Purtroppo l’opera risente notevolmente della totale mancanza di coraggio da parte del regista. Wayne Roberts avrebbe anche tra le mani il potenziale per costruire un film forte, distruttivo e capace di far sentire la sua voce contro questa società che bada più alla forma che alla sostanza, ingabbiando le persone dentro clichè predefiniti senza permettere loro di esprimere i propri sentimenti e bisogni più profondi. Tutto questo si percepisce durante la visione, ma non viene mai approfondito per via di una sceneggiatura che fatica e non poco a sviscerare in maniera decisa i vari aspetti della vicenda. Anche la costruzione dei personaggi, sia quello principale che quello secondario, risulta abbastanza piatta e banale con un professor Richard (Johnny Depp) che poco riesce a trasmettere al pubblico la forza dirompente che dovrebbe sprigionarsi nel momento in cui, consapevole di avere ancora poco tempo da vivere, decide di cambiare completamente prospettiva nell’analizzare i vari aspetti della propria vita.

Il ritmo narrativo riesce a tenere a galla un’opera che fatica non poco, con un Johnny Depp notevolmente più a suo agio nelle scene ironiche e divertenti, ma evidentemente in difficoltà nei momenti più drammatici che deve affrontare il suo personaggio. L’attore, anche lui in cerca di riscatto dopo un periodo non semplice della sua carriera, sembra subire quel clima da “vorrei ma non posso” che risuona in tutta l’opera, con una interpretazione dalle buone potenzialità, ma apparentemente controllata, come se la paura di strafare bloccasse l’attore americano.

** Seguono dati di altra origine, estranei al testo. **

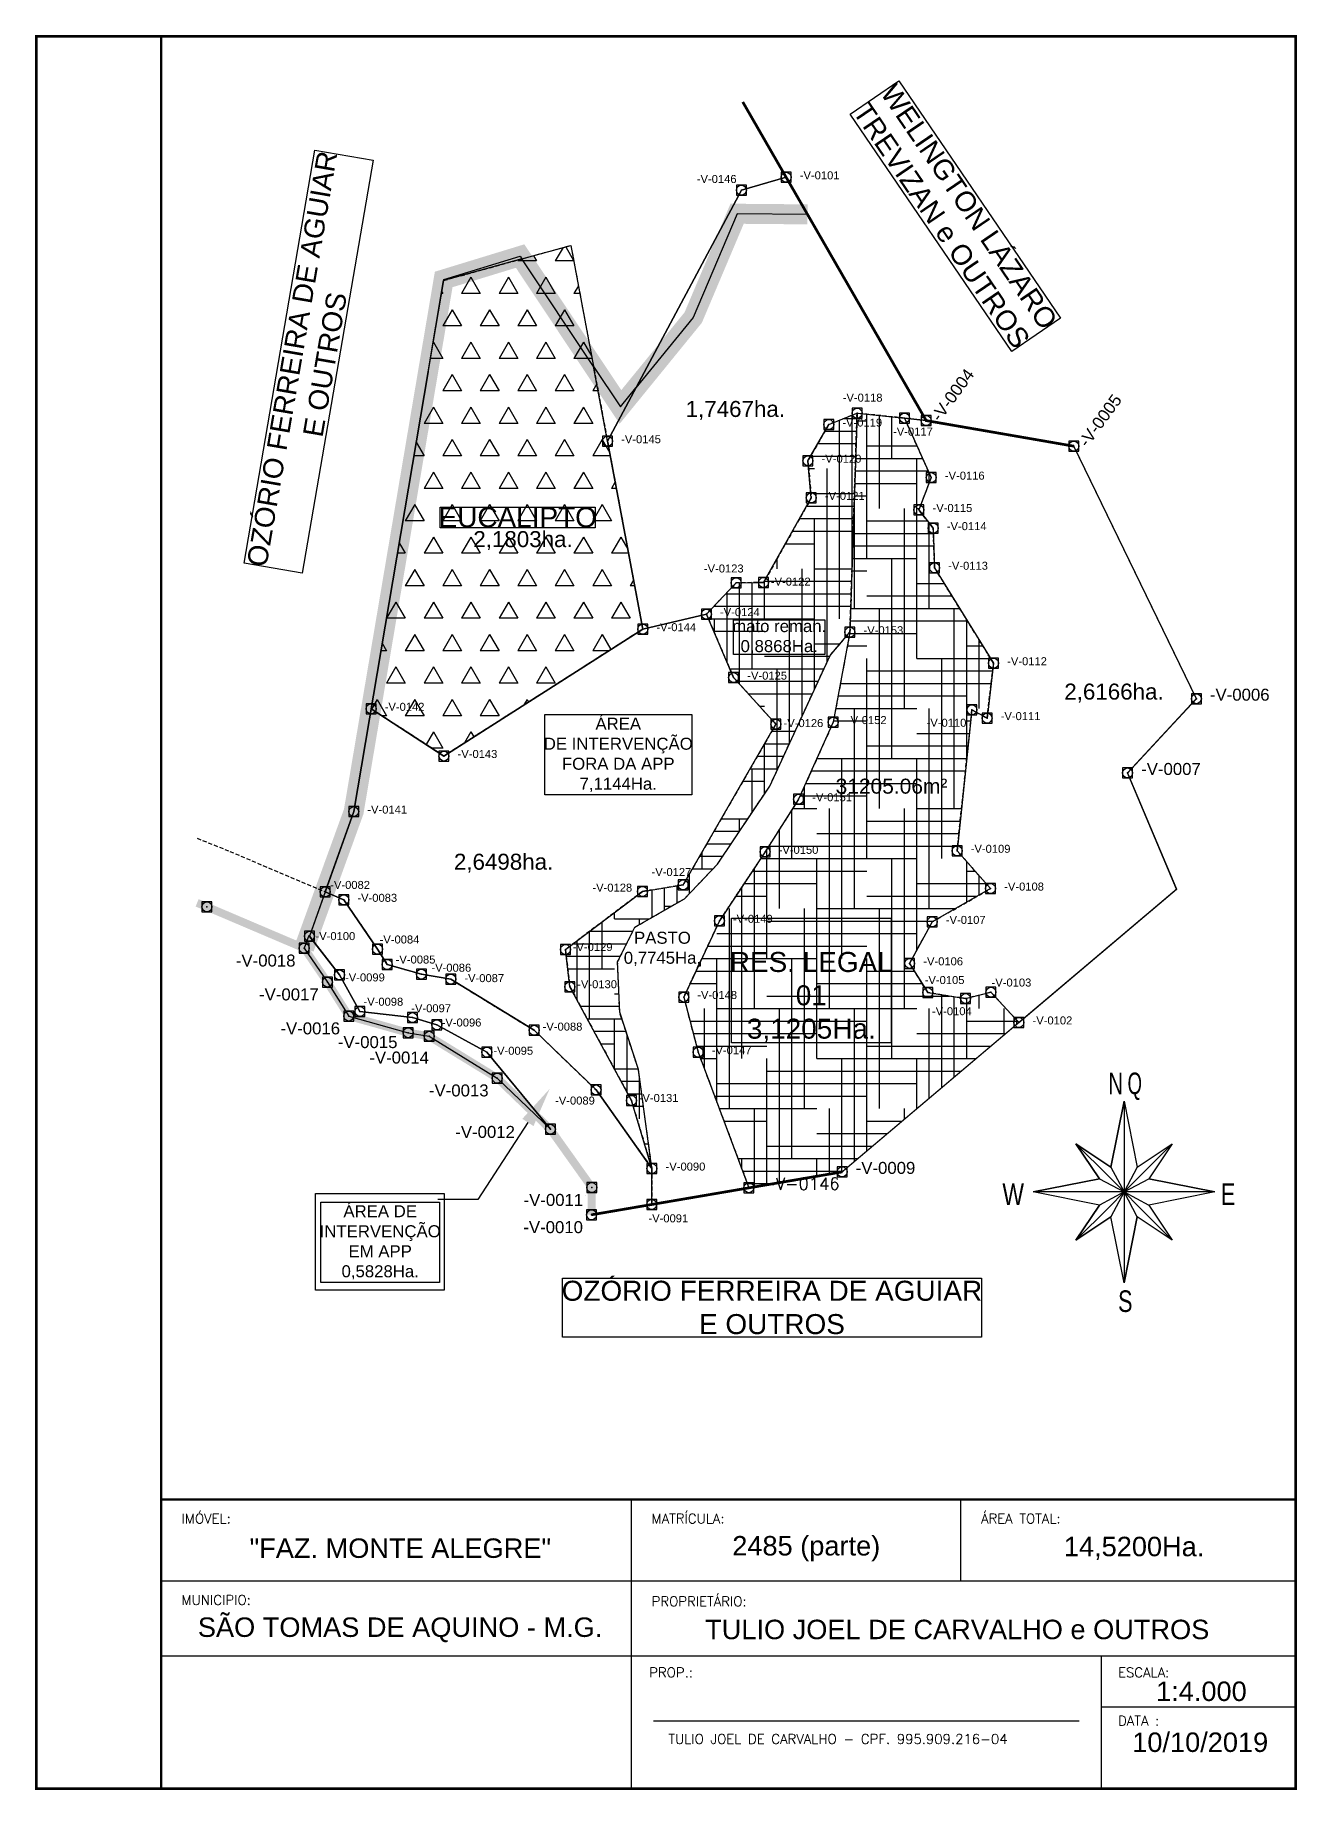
# Model space of a CAD drawing. Extents: x 268713 to 273051, y 7697670 to 7699350.
# Drawn here: x 272420 to 273051, y 7697814 to 7698692 of the extents above; entities that cross this region are included whole.
import ezdxf
from ezdxf.enums import TextEntityAlignment as Align

# ---------------------------------------------------------------- set-up
doc = ezdxf.new("R2010")
doc.units = 0
doc.header["$LTSCALE"] = 40
doc.header["$MEASUREMENT"] = 0
doc.header["$PDMODE"] = 96
doc.header["$PDSIZE"] = 5
doc.linetypes.add('HIDDEN', pattern=[0.375, 0.25, -0.125])
for name, color, linetype in [('CARIMBO', 7, 'Continuous'), ('divi', 7, 'Continuous'), ('PRENCHIMENTO', 254, 'Continuous'), ('PT_TIPO-V', 7, 'Continuous'), ('TRACKLOGS', 7, 'Continuous')]:
    doc.layers.add(name, color=color, linetype=linetype)
doc.layers.add('pena 02', color=1, linetype='Continuous', lineweight=25)
doc.layers.add('pena 04', color=5, linetype='Continuous', lineweight=50)
doc.styles.add('ARIAL', font='arial.ttf')
doc.styles.add('ROMANS', font='romans.shx')
doc.styles.get("Standard").update_dxf_attribs({"font": 'arial.ttf'})
doc.styles.add('style1', font='arial.ttf')
doc.linetypes.add('CERCA', pattern='A,12.7,-4,["X",Standard,S=2,R=0,X=-2,Y=-1],-4', length=20.7)

# ---------------------------------------------------------------- blocks, each defined once
blk = doc.blocks.new('NORTEQ_100')
at = {"linetype": 'Continuous'}
for p, q in [((0, 2.103), (-0.304, 0.573)), ((0, 2.103), (0, 0)), ((0, 2.103), (0.304, 0.573)), ((-1.115, 1.115), (-0.349, 0.349)), ((-0.304, 0.573), (-1.115, 1.115)), ((-1.115, 1.115), (-0.573, 0.304)), ((0.304, 0.573), (1.115, 1.115)), ((0.349, 0.349), (1.115, 1.115)), ((1.115, 1.115), (0.573, 0.304)), ((-0.304, 0.573), (0, 0)), ((0.304, 0.573), (0, 0)), ((-0.573, 0.304), (-2.103, 0)), ((-0.573, 0.304), (0, 0)), ((-0.349, 0.349), (0, 0)), ((0.349, 0.349), (0, 0)), ((0, 0), (0.573, 0.304)), ((2.103, 0), (0.573, 0.304)), ((-0.573, -0.304), (-2.103, 0)), ((0, 0), (-2.103, 0)), ((-0.573, -0.304), (-1.115, -1.115)), ((-0.349, -0.349), (-1.115, -1.115)), ((0, 0), (-0.573, -0.304)), ((0, 0), (-0.349, -0.349)), ((0, 0), (-0.304, -0.573)), ((0, 0), (0.349, -0.349)), ((0, 0), (0, -2.103)), ((2.103, 0), (0, 0)), ((0.304, -0.573), (0, 0)), ((0, 0), (0.573, -0.304)), ((0.349, -0.349), (1.115, -1.115)), ((2.103, 0), (0.573, -0.304)), ((0.573, -0.304), (1.115, -1.115)), ((-1.115, -1.115), (-0.304, -0.573)), ((0, -2.103), (-0.304, -0.573)), ((0, -2.103), (0.304, -0.573)), ((1.115, -1.115), (0.304, -0.573))]:
    blk.add_line(p, q, dxfattribs=at)
for s, p, p2 in [('N', (-0.362, 2.263), (-0.029, 2.263)), ('Q', (0.08, 2.263), (0.414, 2.263)), ('W', (-2.818, -0.303), (-2.318, -0.303)), ('E', (2.242, -0.303), (2.576, -0.303)), ('S', (-0.139, -2.778), (0.195, -2.778))]:
    blk.add_text(s, height=0.5, dxfattribs=at).set_placement(p, p2, align=Align.FIT)

msp = doc.modelspace()

# ---------------------------------------------------------------- hatches: boundary and pattern name
at = {"layer": 'PRENCHIMENTO', "linetype": 'Continuous', "ltscale": 50}
h = msp.add_hatch(dxfattribs=at)
h.set_pattern_fill('TRIANG', color=70, scale=50, angle=180)
h.set_pattern_definition([(240, (2910.009, 0), (9.374999982, -16.23797631), [9.375, -9.375]), (300, (2910.009, 0), (18.749999982, -1e-08), [9.375, -9.375]), (180, (2914.696, -8.119), (-9.375, -16.2379763), [9.375, -9.375])])
h.paths.add_polyline_path([(272688.13, 7698586.65), (272624.45, 7698569.07), (272616.73, 7698523.47), (272588.23, 7698354.96), (272624.68, 7698331.36), (272724.11, 7698394.77)])
h.paths.add_polyline_path([(272619.24, 7698432.73), (272703.42, 7698432.73), (272703.42, 7698470.04), (272619.24, 7698470.04)], flags=24)
h.paths.add_polyline_path([(272594.02, 7698352.87), (272615.94, 7698352.87), (272615.94, 7698359), (272594.02, 7698359)], flags=24)
h = msp.add_hatch(dxfattribs=at)
h.set_pattern_fill('HOUND', color=70, scale=100)
h.set_pattern_definition([(0, (2910.0087, 0), (25, 6.25), [100, -50]), (90, (2910.0087, 0), (-6.25, -25), [100, -50])])
h.paths.add_polyline_path([(272831.3, 7698502.74), (272817.13, 7698497.05), (272806.73, 7698478.97), (272808.4, 7698460.43), (272784.54, 7698418.07), (272770.81, 7698417.97), (272755.92, 7698402.29), (272769.57, 7698370.54), (272790.73, 7698347.26), (272744.28, 7698266.93), (272723.98, 7698263.65), (272685.43, 7698234.58), (272687.67, 7698215.98), (272718.44, 7698159.11), (272728.72, 7698125.1), (272721.92, 7698174.72), (272712.56, 7698203.24), (272711.55, 7698228.39), (272720.15, 7698245.8), (272744.96, 7698260), (272761.51, 7698277.34), (272787.61, 7698316.22), (272817.76, 7698381.56), (272827.72, 7698393.23)])
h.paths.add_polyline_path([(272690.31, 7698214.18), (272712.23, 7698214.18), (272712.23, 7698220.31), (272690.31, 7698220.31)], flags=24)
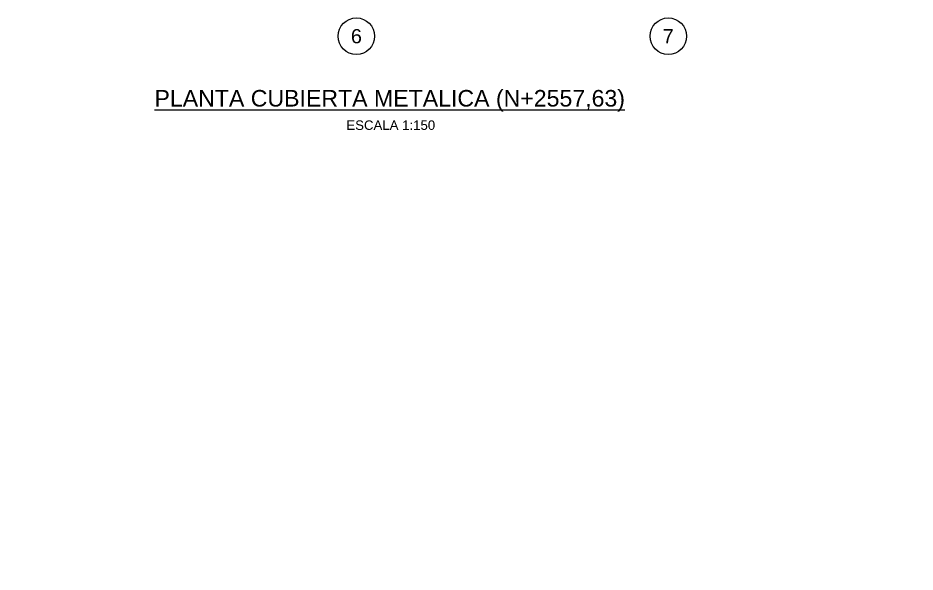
# Model space of a CAD drawing. Header units: millimetres. Extents: x -241278 to 318497, y -110515 to 29234.
# Drawn here: x 19422 to 38408, y -28363 to -16648 of the extents above; entities that cross this region are included whole.
import ezdxf
from ezdxf.enums import TextEntityAlignment as Align

# ---------------------------------------------------------------- set-up
doc = ezdxf.new("R2010")
doc.units = ezdxf.units.MM
doc.header["$LTSCALE"] = 0.1
for name, color, linetype in [('EE-5', 7, 'Continuous'), ('EE-TEXTO 1', 4, 'Continuous'), ('EE-TEXTO 2', 2, 'Continuous'), ('SIM-COTAS', 1, 'Continuous')]:
    doc.layers.add(name, color=color, linetype=linetype)
doc.styles.add('ARIAL EE', font='arial.ttf')
doc.styles.get("Standard").update_dxf_attribs({"font": 'arial.ttf'})
doc.dimstyles.new('EE 1_STANDAR', dxfattribs={"dimtxt": 2, "dimasz": 1.5, "dimexe": 1, "dimexo": 0.5, "dimgap": 0.8, "dimtad": 1, "dimdec": 0, "dimdsep": 46, "dimtxsty": 'Standard', "dimcen": 0.09, "dimclrd": 256, "dimclre": 256, "dimclrt": 2, "dimadec": 0, "dimazin": 0, "dimtfac": 1, "dimtdec": 0, "dimtix": 1, "dimtmove": 0, "dimatfit": 2, "dimfxl": 1, "dimtolj": 1, "dimlwd": -1, "dimlwe": -1, "dimarcsym": 1})

# ---------------------------------------------------------------- blocks, each defined once
blk = doc.blocks.new('ITEM_1')
at = {"layer": 'EE-5'}
blk.add_circle((0, 0), 3.86, dxfattribs=at)
at = {"layer": 'EE-TEXTO 1', "style": 'ARIAL EE', "flags": 4}
blk.add_attdef('EJE', text='', height=3, dxfattribs=at).set_placement((0, 0), align=Align.MIDDLE_CENTER)
blk = doc.blocks.new('TÍTULO')
at = {"layer": 'EE-TEXTO 1', "style": 'ARIAL EE'}
blk.add_attdef('%%UTÍTULO', text='', height=3.5, dxfattribs=at).set_placement((0, 0), align=Align.MIDDLE_CENTER)
at = {"layer": 'EE-TEXTO 2', "style": 'ARIAL EE'}
for tag, p in [('SUBTÍTULO', (0, -4.24)), ('ESCALA', (0, -5.71))]:
    blk.add_attdef(tag, text='', height=2, dxfattribs=at).set_placement(p, align=Align.MIDDLE_CENTER)
blk = doc.blocks.new('*D598')
at = {"layer": 'SIM-COTAS', "color": 2, "transparency": 16777216, "insert": (19567, 3063), "char_height": 200, "attachment_point": 5, "rotation": 7.6305, "bg_fill": 3, "box_fill_scale": 1.1, "bg_fill_color": 256, "bg_fill_true_color": 13158600, "bg_fill_transparency": 0}
blk.add_mtext('\\A1;60196', dxfattribs=at)

msp = doc.modelspace()

# ---------------------------------------------------------------- block references
at = {"layer": 'SIM-COTAS'}
ref = msp.add_blockref('ITEM_1', (26584.7, -17034), dxfattribs=dict(at, xscale=100, yscale=100, zscale=100, rotation=180))
ref.add_attrib('EJE', '6', dxfattribs={"layer": 'EE-TEXTO 1', "height": 300, "style": 'ARIAL EE', "flags": 4}).set_placement((26584.5, -17033.9), align=Align.MIDDLE_CENTER)
ref = msp.add_blockref('ITEM_1', (33184.7, -17034), dxfattribs=dict(at, xscale=100, yscale=100, zscale=100, rotation=180))
ref.add_attrib('EJE', '7', dxfattribs={"layer": 'EE-TEXTO 1', "height": 300, "style": 'ARIAL EE', "flags": 4}).set_placement((33184.5, -17033.9), align=Align.MIDDLE_CENTER)
ref = msp.add_blockref('TÍTULO', (27344.2, -18870.9), dxfattribs=dict(at, xscale=100, yscale=100, zscale=100))
ref.add_attrib('ESCALA1:100', 'ESCALA 1:150', dxfattribs={"layer": 'EE-TEXTO 2', "height": 200, "style": 'ARIAL EE'}).set_placement((27312.4, -19014.6), align=Align.CENTER)
ref.add_attrib('%%UVISTAENPLANTA', '%%UPLANTA CUBIERTA METALICA (N+2557,63)', dxfattribs={"layer": 'EE-TEXTO 1', "height": 350, "style": 'ARIAL EE'}).set_placement((27290, -18521), align=Align.CENTER)

# ---------------------------------------------------------------- next in the draw order: dimensions: what is measured, and where the dimension line sits
dim = msp.add_linear_dim(base=(-10240.5, -1114), p1=(51444.3, -8212.1, 0), p2=(-5861.1, -33802.6), angle=7.63055, dimstyle='EE 1_STANDAR', override={"dimse1": 1, "dimse2": 1, "dimsd1": 1, "dimsd2": 1, "dimfxl": 0.0015, "dimtfill": 1}, dxfattribs=at)
dim.commit()
dim.dimension.update_dxf_attribs({"geometry": '*D598', "text_midpoint": (19566.9, 3063)})

doc.saveas('drawing.dxf')

Per concludere questo “Arrivederci Professore” è un film che fa il verso ad un altra opera: più che a “L’Attimo Fuggente”, con il quale ha in in comune solo un professore che cerca di insegnare qualcosa in modo diverso ai suoi alunni, ad “American Beauty”, dove Richard ricorda più Lester Burnham, che il professor Keating, sia nella sua vita “normale” fatta di lezioni al college e cene tutte ordinate, con una moglie che lo tradisce e che nemmeno lui ama più, sia nel cercare di cambiare la propria esistenza, ormai schiacciato dal peso di non potere vivere appieno i propri sentimenti. Ma se il film di Sam Mendes aveva il coraggio di gridare e mostrare tutto il disagio e la sofferenza che i suoi personaggi vivevano e provavano ,qui tutto ciò manca. Il risultato è un film dal discreto potenziale, ma completamente scialbo e superficiale.